→ **ACTIVITY**:
Return exactly the lines below, starting with the one that has "arc A109 (-4.3587, -20.6066)" and going on through the one that has "line L58 (-4.3587, -20.6066)".

****************

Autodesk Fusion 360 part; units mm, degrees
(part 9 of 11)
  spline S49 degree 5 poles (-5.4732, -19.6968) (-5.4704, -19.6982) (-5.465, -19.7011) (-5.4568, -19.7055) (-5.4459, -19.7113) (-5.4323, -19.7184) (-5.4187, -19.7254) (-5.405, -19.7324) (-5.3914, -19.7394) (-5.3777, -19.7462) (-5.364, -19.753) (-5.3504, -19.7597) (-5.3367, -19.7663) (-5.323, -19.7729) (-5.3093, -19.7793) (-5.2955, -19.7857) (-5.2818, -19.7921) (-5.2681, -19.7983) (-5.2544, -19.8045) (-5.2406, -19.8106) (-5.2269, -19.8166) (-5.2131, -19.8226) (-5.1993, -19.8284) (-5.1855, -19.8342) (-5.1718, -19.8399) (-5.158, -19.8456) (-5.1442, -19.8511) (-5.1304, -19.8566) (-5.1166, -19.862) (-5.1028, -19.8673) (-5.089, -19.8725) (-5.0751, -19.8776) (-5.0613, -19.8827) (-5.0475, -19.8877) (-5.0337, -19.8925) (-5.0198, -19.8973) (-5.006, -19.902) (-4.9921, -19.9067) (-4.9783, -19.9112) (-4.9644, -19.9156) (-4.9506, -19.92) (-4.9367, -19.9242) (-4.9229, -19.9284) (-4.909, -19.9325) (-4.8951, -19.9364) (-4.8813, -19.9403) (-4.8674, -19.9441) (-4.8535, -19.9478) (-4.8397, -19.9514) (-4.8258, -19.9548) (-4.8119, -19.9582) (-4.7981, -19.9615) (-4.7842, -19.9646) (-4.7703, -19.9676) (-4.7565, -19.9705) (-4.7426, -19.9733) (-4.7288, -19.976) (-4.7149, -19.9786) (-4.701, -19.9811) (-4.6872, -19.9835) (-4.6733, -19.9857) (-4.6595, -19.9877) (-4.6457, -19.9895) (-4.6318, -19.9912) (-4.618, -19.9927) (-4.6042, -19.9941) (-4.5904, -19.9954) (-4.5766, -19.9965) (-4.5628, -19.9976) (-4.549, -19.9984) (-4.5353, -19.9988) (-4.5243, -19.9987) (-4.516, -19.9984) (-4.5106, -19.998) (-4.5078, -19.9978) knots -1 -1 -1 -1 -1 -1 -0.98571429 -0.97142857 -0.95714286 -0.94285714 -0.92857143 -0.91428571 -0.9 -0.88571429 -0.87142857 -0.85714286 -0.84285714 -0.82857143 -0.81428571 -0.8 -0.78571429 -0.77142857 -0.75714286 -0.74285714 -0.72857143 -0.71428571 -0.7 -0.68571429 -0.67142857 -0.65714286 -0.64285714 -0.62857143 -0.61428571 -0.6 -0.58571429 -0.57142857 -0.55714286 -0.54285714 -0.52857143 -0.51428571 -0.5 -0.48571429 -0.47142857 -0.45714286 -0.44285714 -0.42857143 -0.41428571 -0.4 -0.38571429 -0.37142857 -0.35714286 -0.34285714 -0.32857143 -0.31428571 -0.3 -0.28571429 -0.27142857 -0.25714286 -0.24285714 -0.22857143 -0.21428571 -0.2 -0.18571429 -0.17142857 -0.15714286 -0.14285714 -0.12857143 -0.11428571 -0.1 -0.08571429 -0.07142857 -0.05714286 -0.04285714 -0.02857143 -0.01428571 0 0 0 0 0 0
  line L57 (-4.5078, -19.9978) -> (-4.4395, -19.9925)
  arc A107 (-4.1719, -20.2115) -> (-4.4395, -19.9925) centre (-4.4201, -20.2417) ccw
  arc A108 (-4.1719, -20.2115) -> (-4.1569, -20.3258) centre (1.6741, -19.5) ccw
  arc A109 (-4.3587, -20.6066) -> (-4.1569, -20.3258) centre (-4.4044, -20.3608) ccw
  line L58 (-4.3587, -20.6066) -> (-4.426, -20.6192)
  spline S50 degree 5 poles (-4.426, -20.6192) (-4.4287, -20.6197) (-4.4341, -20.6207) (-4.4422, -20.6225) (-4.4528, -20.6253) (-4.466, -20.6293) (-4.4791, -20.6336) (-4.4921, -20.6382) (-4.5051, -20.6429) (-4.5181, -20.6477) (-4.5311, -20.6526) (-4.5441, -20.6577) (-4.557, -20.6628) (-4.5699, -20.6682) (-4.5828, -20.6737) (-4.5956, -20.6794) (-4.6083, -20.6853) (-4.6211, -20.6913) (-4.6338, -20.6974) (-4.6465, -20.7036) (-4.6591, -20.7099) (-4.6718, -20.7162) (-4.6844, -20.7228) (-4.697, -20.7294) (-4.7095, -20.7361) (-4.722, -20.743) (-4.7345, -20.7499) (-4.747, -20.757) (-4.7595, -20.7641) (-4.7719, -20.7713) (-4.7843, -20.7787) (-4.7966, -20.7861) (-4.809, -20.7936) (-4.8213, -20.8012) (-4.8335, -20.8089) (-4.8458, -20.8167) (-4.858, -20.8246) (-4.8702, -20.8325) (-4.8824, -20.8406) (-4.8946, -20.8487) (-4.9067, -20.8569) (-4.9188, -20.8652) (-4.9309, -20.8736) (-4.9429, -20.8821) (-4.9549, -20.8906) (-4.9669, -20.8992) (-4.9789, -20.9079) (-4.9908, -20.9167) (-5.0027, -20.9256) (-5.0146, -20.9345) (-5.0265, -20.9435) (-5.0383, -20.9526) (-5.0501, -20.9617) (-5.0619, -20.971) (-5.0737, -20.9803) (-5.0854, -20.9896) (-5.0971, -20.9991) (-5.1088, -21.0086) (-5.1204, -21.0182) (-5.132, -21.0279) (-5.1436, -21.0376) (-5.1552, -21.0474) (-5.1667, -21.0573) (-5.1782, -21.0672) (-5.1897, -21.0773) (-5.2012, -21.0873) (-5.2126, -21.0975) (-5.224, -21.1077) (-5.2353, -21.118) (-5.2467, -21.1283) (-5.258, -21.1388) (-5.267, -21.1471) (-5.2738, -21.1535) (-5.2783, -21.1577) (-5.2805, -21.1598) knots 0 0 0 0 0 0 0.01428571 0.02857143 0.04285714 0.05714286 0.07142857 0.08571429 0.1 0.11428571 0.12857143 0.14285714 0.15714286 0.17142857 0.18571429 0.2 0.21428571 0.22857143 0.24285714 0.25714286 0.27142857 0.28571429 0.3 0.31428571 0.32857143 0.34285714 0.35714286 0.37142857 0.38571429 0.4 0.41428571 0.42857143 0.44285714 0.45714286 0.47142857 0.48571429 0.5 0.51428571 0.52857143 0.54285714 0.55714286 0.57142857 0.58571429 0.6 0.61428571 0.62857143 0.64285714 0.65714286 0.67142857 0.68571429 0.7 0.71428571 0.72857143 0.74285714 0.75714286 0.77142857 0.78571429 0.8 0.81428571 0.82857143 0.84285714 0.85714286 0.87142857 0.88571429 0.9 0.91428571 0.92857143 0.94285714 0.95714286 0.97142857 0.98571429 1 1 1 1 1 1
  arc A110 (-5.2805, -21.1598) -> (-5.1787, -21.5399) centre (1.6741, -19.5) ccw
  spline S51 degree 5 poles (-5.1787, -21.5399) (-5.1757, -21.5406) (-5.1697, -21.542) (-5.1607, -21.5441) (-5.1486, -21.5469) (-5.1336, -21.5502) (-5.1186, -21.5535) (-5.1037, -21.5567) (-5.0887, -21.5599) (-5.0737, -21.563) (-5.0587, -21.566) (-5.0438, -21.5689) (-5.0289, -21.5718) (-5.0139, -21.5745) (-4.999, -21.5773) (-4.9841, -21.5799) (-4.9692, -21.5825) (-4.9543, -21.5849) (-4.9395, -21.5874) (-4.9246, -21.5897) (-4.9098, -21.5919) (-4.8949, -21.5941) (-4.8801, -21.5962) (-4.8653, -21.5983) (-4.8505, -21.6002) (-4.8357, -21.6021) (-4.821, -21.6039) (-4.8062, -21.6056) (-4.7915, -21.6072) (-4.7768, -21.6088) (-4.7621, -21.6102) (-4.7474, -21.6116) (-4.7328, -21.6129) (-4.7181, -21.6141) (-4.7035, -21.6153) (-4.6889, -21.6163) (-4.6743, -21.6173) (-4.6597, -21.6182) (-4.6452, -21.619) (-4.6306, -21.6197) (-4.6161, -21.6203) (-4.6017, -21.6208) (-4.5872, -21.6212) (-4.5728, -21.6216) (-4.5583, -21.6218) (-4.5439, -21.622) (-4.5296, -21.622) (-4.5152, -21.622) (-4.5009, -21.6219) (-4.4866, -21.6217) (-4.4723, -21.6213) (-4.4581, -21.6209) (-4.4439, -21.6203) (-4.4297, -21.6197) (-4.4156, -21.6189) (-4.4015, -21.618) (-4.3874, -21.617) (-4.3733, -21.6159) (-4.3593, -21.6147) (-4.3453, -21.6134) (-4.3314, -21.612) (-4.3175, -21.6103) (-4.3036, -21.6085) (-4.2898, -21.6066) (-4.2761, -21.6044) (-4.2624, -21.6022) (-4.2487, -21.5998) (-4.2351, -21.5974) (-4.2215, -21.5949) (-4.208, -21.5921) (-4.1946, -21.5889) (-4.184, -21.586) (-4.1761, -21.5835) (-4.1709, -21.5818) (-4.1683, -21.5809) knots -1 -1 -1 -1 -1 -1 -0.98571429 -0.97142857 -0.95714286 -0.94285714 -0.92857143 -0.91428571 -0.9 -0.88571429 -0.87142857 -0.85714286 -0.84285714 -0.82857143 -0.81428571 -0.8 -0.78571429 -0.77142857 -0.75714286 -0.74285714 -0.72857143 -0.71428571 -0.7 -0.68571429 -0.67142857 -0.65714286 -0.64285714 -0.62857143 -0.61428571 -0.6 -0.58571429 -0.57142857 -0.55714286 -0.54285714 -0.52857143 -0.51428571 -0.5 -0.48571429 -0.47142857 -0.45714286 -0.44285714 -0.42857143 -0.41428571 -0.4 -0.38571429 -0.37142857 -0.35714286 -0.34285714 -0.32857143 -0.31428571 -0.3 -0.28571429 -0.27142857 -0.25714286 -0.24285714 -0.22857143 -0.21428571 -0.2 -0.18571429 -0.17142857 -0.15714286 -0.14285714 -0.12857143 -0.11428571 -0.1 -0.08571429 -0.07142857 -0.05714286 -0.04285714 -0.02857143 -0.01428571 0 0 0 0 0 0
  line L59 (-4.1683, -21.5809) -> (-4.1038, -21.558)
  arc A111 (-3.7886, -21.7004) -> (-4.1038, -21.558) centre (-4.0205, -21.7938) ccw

****************

→ **ANSWER SPACE**:
  arc A109 (-4.3587, -20.6066) -> (-4.1569, -20.3258) centre (-4.4044, -20.3608) ccw
  line L58 (-4.3587, -20.6066) -> (-4.426, -20.6192)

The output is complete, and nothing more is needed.